Venerdì, seduta al Campidoglio, la Laurito teneva in mano uno dei più bei libri del professor Bellavista, "Panta Rei". Ai funerali ha letto la prefazione e da quel momento in poi chi non ha pianto era perché non aveva un cuore in petto: quelle pagine ripercorrevano la vita dello scrittore per fotogrammi, con una efficacia incredibile, evidentemente amplificata dal momento.

Tutto scorre, da Eraclito al vòtta-vòtta  e c'è una signora, un'altra, che si lamenta: «Scusate, giovanotto, ma io non vedo niente, vuje v'avita assèttà!». Nuccia e Nunzia Fumo, le sorelle Finizio, pace all'anima loro, non ci sono più. Ma sarebbe stato bello vederle. Geppy Gleijeses lo riconoscono solo alcuni. «Ma ‘e capito? È Giorgio! Mo' ho capito chi è Giorgio!». La battuta servita su un piatto d'argento.

Fa caldo, il sindaco di Napoli Luigi De Magistris non c'è, è a Palermo. Al suo posto c'è l'assessore alla Cultura Nino Daniele che cerca l'applauso la prima, la seconda e la terza ci riesce: «Intitoliamo a Luciano Vico Belledonne a Chiaia!».  Applauso lungo, ma chi conosce Napoli e i napoletani è sicuro che la decisione porterà polemiche di qui a qualche giorno. Il presidente della Regione Campania Vincenzo De Luca pone l'accento sulle parole sulla camorra del De Crescenzo sceneggiatore, in particolare sul monologo col camorrista interpretato da Nunzio Gallo. Un modo per dire che ci sono tante possibilità per raccontare certi fenomeni. Una polemica eterna.

C'è l'ex sindaco Antonio Bassolino: dice che secondo lui non finisce con De Crescenzo, con Massimo Troisi, con Pino Daniele. È ottimista: non è tutto finito, ci sono a Napoli tanti giovani che si fanno avanti. C'è Marina Confalone e chi la guarda le sorride: «La lavastoviglie ‘e chitemmuorto!». C'è Benedetto Casillo che abbraccia e stringe mani. Perfino il tizio che fa il benzinaio della tremilalire nella Cinquecento di Giorgio è riconosciuto da tanti.

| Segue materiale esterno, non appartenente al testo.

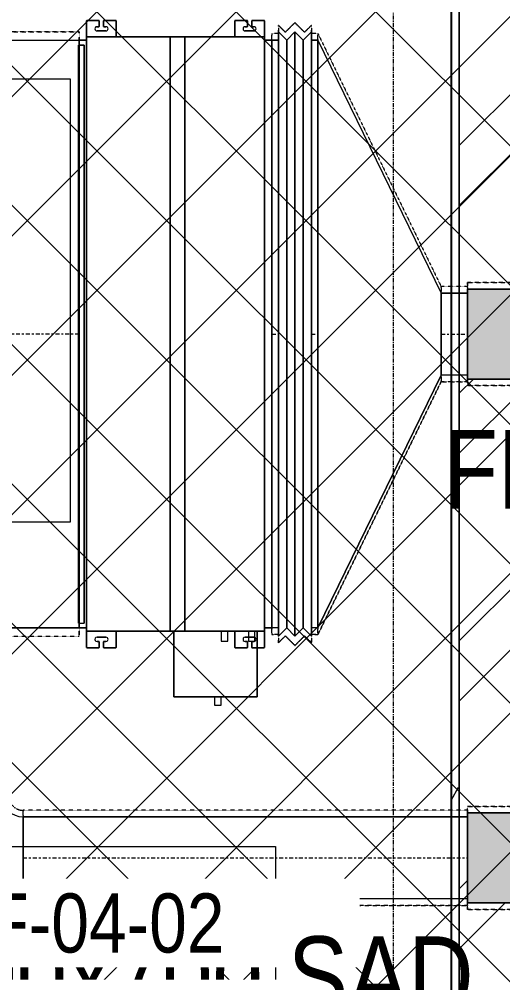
# Model space of a CAD drawing. Header units: inches. Extents: x -83664 to 20107, y -47222 to 19398.
# Drawn here: x -47112 to -45640, y -33235 to -30301 of the extents above; entities that cross this region are included whole.
import ezdxf

# ---------------------------------------------------------------- set-up
doc = ezdxf.new("R2010")
doc.units = ezdxf.units.IN
doc.header["$MEASUREMENT"] = 0
for name, pattern in [('Center', [29.999999, 12, -6, 6, -6]), ('Grid Line', [22.225, 12.7, -3.175, 3.175, -3.175]), ('Hidden 0_50', [1.0584, 0.5292, -0.5292])]:
    doc.linetypes.add(name, pattern=pattern)
for name, color, linetype, lineweight in [('A-DETL-GENF', 7, 'Continuous', 9), ('A-WALL', 7, 'Continuous', 9), ('A-WALL-PATT', 7, 'Continuous', 25), ('G-ANNO-TEXT', 7, 'Continuous', 9), ('M-EQPM', 7, 'Continuous', 18), ('M-EQPM-IDEN', 7, 'Continuous', 9), ('M-HVAC-DUCT-CNTR', 7, 'Center', 9), ('M-HVAC-DUCT-IDEN', 7, 'Continuous', 18), ('S-GRID', 7, 'Continuous', 9)]:
    doc.layers.add(name, color=color, linetype=linetype, lineweight=lineweight)
doc.layers.add('M-HVAC-DUCT', color=7, linetype='Continuous', lineweight=9, true_color=0xffe97f)
doc.styles.add('Arial Narrow_1', font='ARIALN.TTF', dxfattribs={"height": 1.406642})
doc.styles.add('Arial Narrow_21', font='ARIALN.TTF', dxfattribs={"height": 240})
pattern_1 = [(315, (-67112.6, 104820.7), (1060.66, 1060.66), []), (45, (-67112.6, 104820.7), (-1060.66, 1060.66), [])]
pattern_2 = [(135, (285.4, 293.5), (35.3553, 35.3553), []), (45, (285.4, 293.5), (35.3553, -35.3553), [])]
pattern_3 = [(0, (0, 0), (1219.2, 304.8), [50.292, -864.108, 50.292, -864.108, -4876.8]), (0, (0, 0), (1219.2, 304.8), [-1828.8, 50.292, -1778.508, 50.292, -864.108, -2133.6]), (0, (0, 0), (1219.2, 304.8), [-4572, 50.292, -559.308, 50.292, -1473.708]), (120, (457.2, 152.4), (-873.56454, 903.4582), [50.292, -864.108, 50.292, -864.108, -4876.8]), (120, (457.2, 152.4), (-873.56454, 903.4582), [-1828.8, 50.292, -1778.508, 50.292, -864.108, -2133.6]), (120, (457.2, 152.4), (-873.56454, 903.4582), [-4572, 50.292, -559.308, 50.292, -1473.708]), (240, (609.6, 762), (-345.63546, -1208.2582), [50.292, -864.108, 50.292, -864.108, -4876.8]), (240, (609.6, 762), (-345.63546, -1208.2582), [-1828.8, 50.292, -1778.508, 50.292, -864.108, -2133.6]), (240, (609.6, 762), (-345.63546, -1208.2582), [-4572, 50.292, -559.308, 50.292, -1473.708])]
pattern_4 = [(45, (0, 0), (-377.1708, 377.1708), []), (45, (0, 571.5), (-377.1708, 377.1708), [])]

# ---------------------------------------------------------------- blocks, each defined once
blk = doc.blocks.new('REMC_M_EQP_FCU_Type 2 - FCU-1F-06-8295756-FIRST FLOOR AC CONDITIONING LAYOUT - PART A')
at = {"layer": 'M-EQPM', "lineweight": 9, "true_color": 0x787878}
h = blk.add_hatch(dxfattribs=at)
h.set_pattern_fill('FP_40', color=8, style=0, pattern_type=2)
h.set_pattern_definition(pattern_1)
h.paths.add_polyline_path([(-879.9, 293.5), (880.1, 293.5), (880.1, 295.7), (-879.9, 295.7)])
at = {"layer": 'M-EQPM', "lineweight": 9, "true_color": 0xffffff}
h = blk.add_hatch(dxfattribs=at)
h.set_pattern_fill('FP_41', style=0, pattern_type=2)
h.set_pattern_definition(pattern_2)
h.paths.add_polyline_path([(-879.9, 293.5), (880.1, 293.5), (880.1, 295.7), (-879.9, 295.7)])
at = {"layer": 'M-EQPM'}
for p, q in [((895, 293.5), (-895, 293.5)), ((-895, 293.5), (-895, 270.5)), ((-895, 270.5), (-895, 293.5)), ((-895, 293.5), (895, 293.5)), ((880.1, 295.7), (-879.9, 295.7)), ((-879.9, 295.7), (880.1, 295.7)), ((-879.9, 295.7), (-879.9, 293.5)), ((-879.9, 295.7), (-879.9, 293.5)), ((880.1, 293.5), (-879.9, 293.5)), ((-879.9, 293.5), (880.1, 293.5)), ((880.1, 293.5), (-879.9, 293.5)), ((-879.9, 293.5), (880.1, 293.5)), ((-879.9, 293.5), (-879.9, 277.8)), ((-879.9, 293.5), (-879.9, 277.8)), ((880.1, 293.5), (880.1, 295.7)), ((880.1, 295.7), (880.1, 293.5)), ((880.1, 277.8), (880.1, 293.5)), ((880.1, 293.5), (880.1, 277.8)), ((895, 270.5), (895, 293.5)), ((895, 293.5), (895, 270.5)), ((-955.1, 233), (-955.1, 269.5)), ((-955.1, 269.5), (-955.1, 233)), ((-954.1, 270.5), (-905.1, 270.5)), ((-905.1, 270.5), (-954.1, 270.5)), ((-905.1, 270.5), (-905.1, 180.5)), ((-905.1, 180.5), (-905.1, 270.5)), ((905, 270.5), (-905, 270.5)), ((-905, 270.5), (-905, 16)), ((-905, 16), (-905, 270.5)), ((-905, 270.5), (905, 270.5)), ((-895, 270.5), (895, 270.5)), ((895, 270.5), (-895, 270.5)), ((880.1, 277.8), (-879.9, 277.8)), ((-879.9, 277.8), (880.1, 277.8)), ((905, 16), (905, 270.5)), ((905, 270.5), (905, 16)), ((905.1, 180.5), (905.1, 270.5)), ((905.1, 270.5), (954.1, 270.5)), ((954.1, 270.5), (905.1, 270.5)), ((905.1, 270.5), (905.1, 180.5)), ((955.1, 269.5), (955.1, 233)), ((955.1, 233), (955.1, 269.5)), ((-936.1, 239), (-936.1, 233)), ((-936.1, 233), (-936.1, 239)), ((-923.1, 212), (-923.1, 239)), ((-923.1, 239), (-923.1, 212)), ((923.1, 239), (923.1, 212)), ((923.1, 212), (923.1, 239)), ((936.1, 233), (936.1, 239)), ((936.1, 239), (936.1, 233)), ((-955.1, 181.5), (-955.1, 218)), ((-955.1, 218), (-955.1, 181.5)), ((-937.1, 232), (-954.1, 232)), ((-954.1, 232), (-937.1, 232)), ((-954.1, 219), (-937.1, 219)), ((-937.1, 219), (-954.1, 219)), ((-936.1, 218), (-936.1, 212)), ((-936.1, 212), (-936.1, 218)), ((936.1, 212), (936.1, 218)), ((936.1, 218), (936.1, 212)), ((954.1, 232), (937.1, 232)), ((937.1, 232), (954.1, 232)), ((937.1, 219), (954.1, 219)), ((954.1, 219), (937.1, 219)), ((955.1, 218), (955.1, 181.5)), ((955.1, 181.5), (955.1, 218)), ((-905.1, 180.5), (-954.1, 180.5)), ((-954.1, 180.5), (-905.1, 180.5)), ((954.1, 180.5), (905.1, 180.5)), ((905.1, 180.5), (954.1, 180.5)), ((-905, 5.3), (-1105, 5.3)), ((-1105, 5.3), (-1105, -248.7)), ((-1105, -248.7), (-1105, 5.3)), ((-1105, 5.3), (-905, 5.3)), ((-905, 16), (905, 16)), ((905, 16), (-905, 16)), ((-905, 16), (-905, -270.5)), ((905, 16), (-905, 16)), ((-905, 16), (905, 16)), ((-905, -270.5), (-905, 16)), ((-905, -28.7), (-905, 5.3)), ((-905, 5.3), (-905, -28.7)), ((905, -270.5), (905, 16)), ((905, 16), (905, -270.5)), ((905, -28.7), (-905, -28.7)), ((-905, -28.7), (905, -28.7)), ((905, -270.5), (905, -28.7)), ((905, -28.7), (905, -270.5)), ((-1105, -118.7), (-1130, -118.7)), ((-1130, -118.7), (-1130, -138.7)), ((-1130, -118.7), (-1130, -138.7)), ((-1130, -138.7), (-1105, -138.7)), ((-1105, -138.7), (-1105, -118.7)), ((-1105, -138.7), (-1105, -118.7)), ((-905, -139.4), (-935, -139.4)), ((-935, -139.4), (-935, -159.4)), ((-935, -139.4), (-935, -159.4)), ((-905, -159.4), (-905, -139.4)), ((-905, -159.4), (-905, -139.4)), ((-935, -159.4), (-905, -159.4)), ((-955.1, -218), (-955.1, -181.5)), ((-955.1, -181.5), (-955.1, -218)), ((-954.1, -180.5), (-905.1, -180.5)), ((-905.1, -180.5), (-954.1, -180.5)), ((-905.1, -180.5), (-905.1, -270.5)), ((-905.1, -270.5), (-905.1, -180.5)), ((905.1, -270.5), (905.1, -180.5)), ((905.1, -180.5), (954.1, -180.5)), ((954.1, -180.5), (905.1, -180.5)), ((905.1, -180.5), (905.1, -270.5)), ((955.1, -181.5), (955.1, -218)), ((955.1, -218), (955.1, -181.5)), ((-955.1, -269.5), (-955.1, -233)), ((-955.1, -233), (-955.1, -269.5)), ((-937.1, -219), (-954.1, -219)), ((-954.1, -219), (-937.1, -219)), ((-954.1, -232), (-937.1, -232)), ((-937.1, -232), (-954.1, -232)), ((-936.1, -212), (-936.1, -218)), ((-936.1, -218), (-936.1, -212)), ((-936.1, -233), (-936.1, -239)), ((-936.1, -239), (-936.1, -233)), ((-905, -221.7), (-935, -221.7)), ((-935, -221.7), (-935, -241.7)), ((-935, -221.7), (-935, -241.7)), ((-923.1, -239), (-923.1, -212)), ((-923.1, -212), (-923.1, -239)), ((-905, -241.7), (-905, -221.7)), ((-905, -241.7), (-905, -221.7)), ((923.1, -212), (923.1, -239)), ((923.1, -239), (923.1, -212)), ((936.1, -218), (936.1, -212)), ((936.1, -212), (936.1, -218)), ((936.1, -239), (936.1, -233)), ((936.1, -233), (936.1, -239)), ((954.1, -219), (937.1, -219)), ((937.1, -219), (954.1, -219)), ((937.1, -232), (954.1, -232)), ((954.1, -232), (937.1, -232)), ((955.1, -233), (955.1, -269.5)), ((955.1, -269.5), (955.1, -233)), ((-1105, -248.7), (-905, -248.7)), ((-905, -248.7), (-1105, -248.7)), ((-935, -241.7), (-905, -241.7)), ((-905, -248.7), (-905, -270.5)), ((-905, -270.5), (-905, -248.7)), ((-905.1, -270.5), (-954.1, -270.5)), ((-954.1, -270.5), (-905.1, -270.5)), ((-905, -270.5), (905, -270.5)), ((905, -270.5), (-905, -270.5)), ((-905, -270.5), (905, -270.5)), ((905, -270.5), (-905, -270.5)), ((895, -270.5), (-895, -270.5)), ((-895, -270.5), (-895, -293.5)), ((-895, -293.5), (-895, -270.5)), ((-895, -270.5), (895, -270.5)), ((895, -293.5), (895, -270.5)), ((895, -270.5), (895, -293.5)), ((954.1, -270.5), (905.1, -270.5)), ((905.1, -270.5), (954.1, -270.5)), ((-895, -293.5), (895, -293.5)), ((895, -293.5), (-895, -293.5))]:
    blk.add_line(p, q, dxfattribs=at)
for centre, radius, start, end in [((-954.1, 269.5), 1, 90, 180), ((-954.1, 269.5), 1, 90, 180), ((954.1, 269.5), 1, 0, 90), ((954.1, 269.5), 1, 0, 90), ((-929.6, 239), 6.5, 360, 180), ((-929.6, 239), 6.5, 360, 180), ((929.6, 239), 6.5, 360, 180), ((929.6, 239), 6.5, 0, 180), ((-954.1, 233), 1, 180, 270), ((-954.1, 233), 1, 180, 270), ((-954.1, 218), 1, 90, 180), ((-954.1, 218), 1, 90, 180), ((-937.1, 233), 1, 270, 0), ((-937.1, 233), 1, 270, 0), ((-937.1, 218), 1, 0, 90), ((-937.1, 218), 1, 0, 90), ((-929.6, 212), 6.5, 180, 360), ((-929.6, 212), 6.5, 180, 360), ((929.6, 212), 6.5, 180, 360), ((929.6, 212), 6.5, 180, 360), ((937.1, 233), 1, 180, 270), ((937.1, 233), 1, 180, 270), ((937.1, 218), 1, 90, 180), ((937.1, 218), 1, 90, 180), ((954.1, 233), 1, 270, 0), ((954.1, 233), 1, 270, 0), ((954.1, 218), 1, 0, 90), ((954.1, 218), 1, 0, 90), ((-954.1, 181.5), 1, 180, 270), ((-954.1, 181.5), 1, 180, 270), ((954.1, 181.5), 1, 270, 0), ((954.1, 181.5), 1, 270, 0), ((-954.1, -181.5), 1, 90, 180), ((-954.1, -181.5), 1, 90, 180), ((954.1, -181.5), 1, 0, 90), ((954.1, -181.5), 1, 0, 90), ((-954.1, -218), 1, 180, 270), ((-954.1, -218), 1, 180, 270), ((-954.1, -233), 1, 90, 180), ((-954.1, -233), 1, 90, 180), ((-937.1, -218), 1, 270, 0), ((-937.1, -218), 1, 270, 0), ((-937.1, -233), 1, 0, 90), ((-937.1, -233), 1, 0, 90), ((-929.6, -212), 6.5, 360, 180), ((-929.6, -212), 6.5, 360, 180), ((929.6, -212), 6.5, 360, 180), ((929.6, -212), 6.5, 0, 180), ((937.1, -218), 1, 180, 270), ((937.1, -218), 1, 180, 270), ((937.1, -233), 1, 90, 180), ((937.1, -233), 1, 90, 180), ((954.1, -218), 1, 270, 0), ((954.1, -218), 1, 270, 0), ((954.1, -233), 1, 0, 90), ((954.1, -233), 1, 0, 90), ((-929.6, -239), 6.5, 180, 360), ((-929.6, -239), 6.5, 180, 360), ((929.6, -239), 6.5, 180, 360), ((929.6, -239), 6.5, 180, 360), ((-954.1, -269.5), 1, 180, 270), ((-954.1, -269.5), 1, 180, 270), ((954.1, -269.5), 1, 270, 0), ((954.1, -269.5), 1, 270, 0)]:
    blk.add_arc(centre, radius, start, end, dxfattribs=at)
blk = doc.blocks.new('REMC_M_FLEX CONNECTION_Type 2 - V_SAD-8294855-FIRST FLOOR AC CONDITIONING LAYOUT - PART A')
at = {"layer": 'M-HVAC-DUCT', "color": 30, "true_color": 0xff7f00}
for p, q in [((86624.6, 58649.1), (86599.6, 58674.1)), ((86599.6, 58674.1), (86624.6, 58649.1)), ((86599.6, 58674.1), (88439.6, 58674.1)), ((88439.6, 58674.1), (86599.6, 58674.1)), ((86599.6, 58624.1), (86624.6, 58649.1)), ((86624.6, 58649.1), (86599.6, 58624.1)), ((88414.6, 58649.1), (86624.6, 58649.1)), ((86624.6, 58649.1), (88414.6, 58649.1)), ((88414.6, 58649.1), (86624.6, 58649.1)), ((86624.6, 58649.1), (88414.6, 58649.1)), ((88414.6, 58649.1), (88439.6, 58674.1)), ((88414.6, 58649.1), (88439.6, 58674.1)), ((88414.6, 58649.1), (88439.6, 58624.1)), ((88414.6, 58649.1), (88439.6, 58624.1)), ((86599.6, 58624.1), (88439.6, 58624.1)), ((88439.6, 58624.1), (86599.6, 58624.1)), ((88439.6, 58624.1), (86599.6, 58624.1)), ((86624.6, 58599.1), (86599.6, 58624.1)), ((86599.6, 58624.1), (88439.6, 58624.1)), ((86599.6, 58624.1), (86624.6, 58599.1)), ((88439.6, 58624.1), (88414.6, 58599.1)), ((88439.6, 58624.1), (88414.6, 58599.1)), ((86599.6, 58574.1), (86624.6, 58599.1)), ((86624.6, 58599.1), (86599.6, 58574.1)), ((88414.6, 58599.1), (86624.6, 58599.1)), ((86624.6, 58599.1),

De Masi recita la "Vulesse truvà pace" di Eduardo De Filippo, poi in tre per la bellissima  " ‘A madonna d' ‘e mandarine" di Ferdinando Russo. Arbore che fino ad allora era stato zitto, fermo, seduto al fianco  di quell'Enzo D'Elia che non ha solo rappresentato gli interessi dell'artista con le case editrici, ma anche un punto di riferimento costante, un pilastro, si alza. Lacrime e sorrisi, il ricordo di Arbore è quasi un blues: gli uomini d'amore (ma anche un po' di libertà) si salutano, uno in piedi e l'altro diretto verso l'ultimo viaggio, Renzo Arbore riesce perfino a strappare risate fra migliaia che piangono.

E piange il più vecchio, piange pure il ragazzo, ma anche l'uomo della generazione dei quarantenni, veri orfani di un riferimento culturale. «Napoli è anche questo, è le bellezze, il sole e il mandolino, a forza di levargli il belletto, le stiamo togliendo pure la faccia» urla Gleijeses. Argomento di chissà quante discussioni e non solo davanti al mare di Conca dei Marini. Ma ora Luciano non c'è più e se riflettiamo su quanti "Luciano" ci restano, finiamo per contarli sulla mano destra di Muzio Scevola.

Ha avuto una vita lunga, ma soprattutto larga,  Luciano De Crescenzo. È morto a novant'anni ma secondo le sue teorie ne avrà vissuti almeno centoventi. Ora riposerà in un cimitero della Costiera Amalfitana, in una cappella di famiglia. Non l'aveva detto, ma poi l'aveva ascoltato  Giggino: si "era fatto la comodità".